▶ Stored data
----------------------------------------
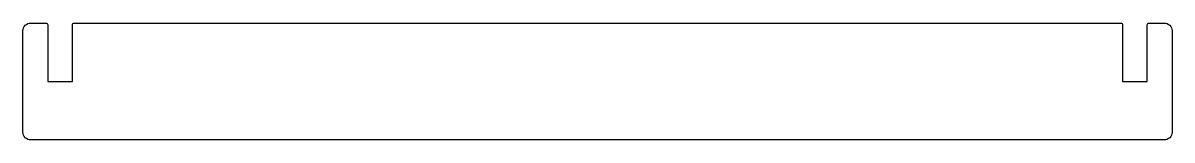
# Model space of a CAD drawing. Header units: millimetres. Extents: x -283 to 13, y 0 to 30.
import ezdxf

# ---------------------------------------------------------------- set-up
doc = ezdxf.new("R2010")
doc.units = ezdxf.units.MM
doc.layers.get('0').update_dxf_attribs({"linetype": 'CONTINUOUS'})

msp = doc.modelspace()

# ---------------------------------------------------------------- linework, layer by layer
msp.add_lwpolyline([(-270, 29.5, -0.414214), (-269.5, 30), (-0.5, 30, -0.414214), (0, 29.5), (0, 15), (6.35, 15), (6.35, 29.5, -0.414214), (6.85, 30), (10.7, 30, -0.414214), (12.7, 28), (12.7, 2, -0.414214), (10.7, 0), (-280.7, 0, -0.414214), (-282.7, 2), (-282.7, 28, -0.414214), (-280.7, 30), (-276.85, 30, -0.414214), (-276.35, 29.5), (-276.35, 15), (-270, 15)], format="xyb", close=True)

doc.saveas('drawing.dxf')
----------------------------------------
▶ About this exercise
Every line above with the word "units" belongs in the answer, copied as written.

▶ Answer to the problem
# Model space of a CAD drawing. Header units: millimetres. Extents: x -283 to 13, y 0 to 30.
doc.units = ezdxf.units.MM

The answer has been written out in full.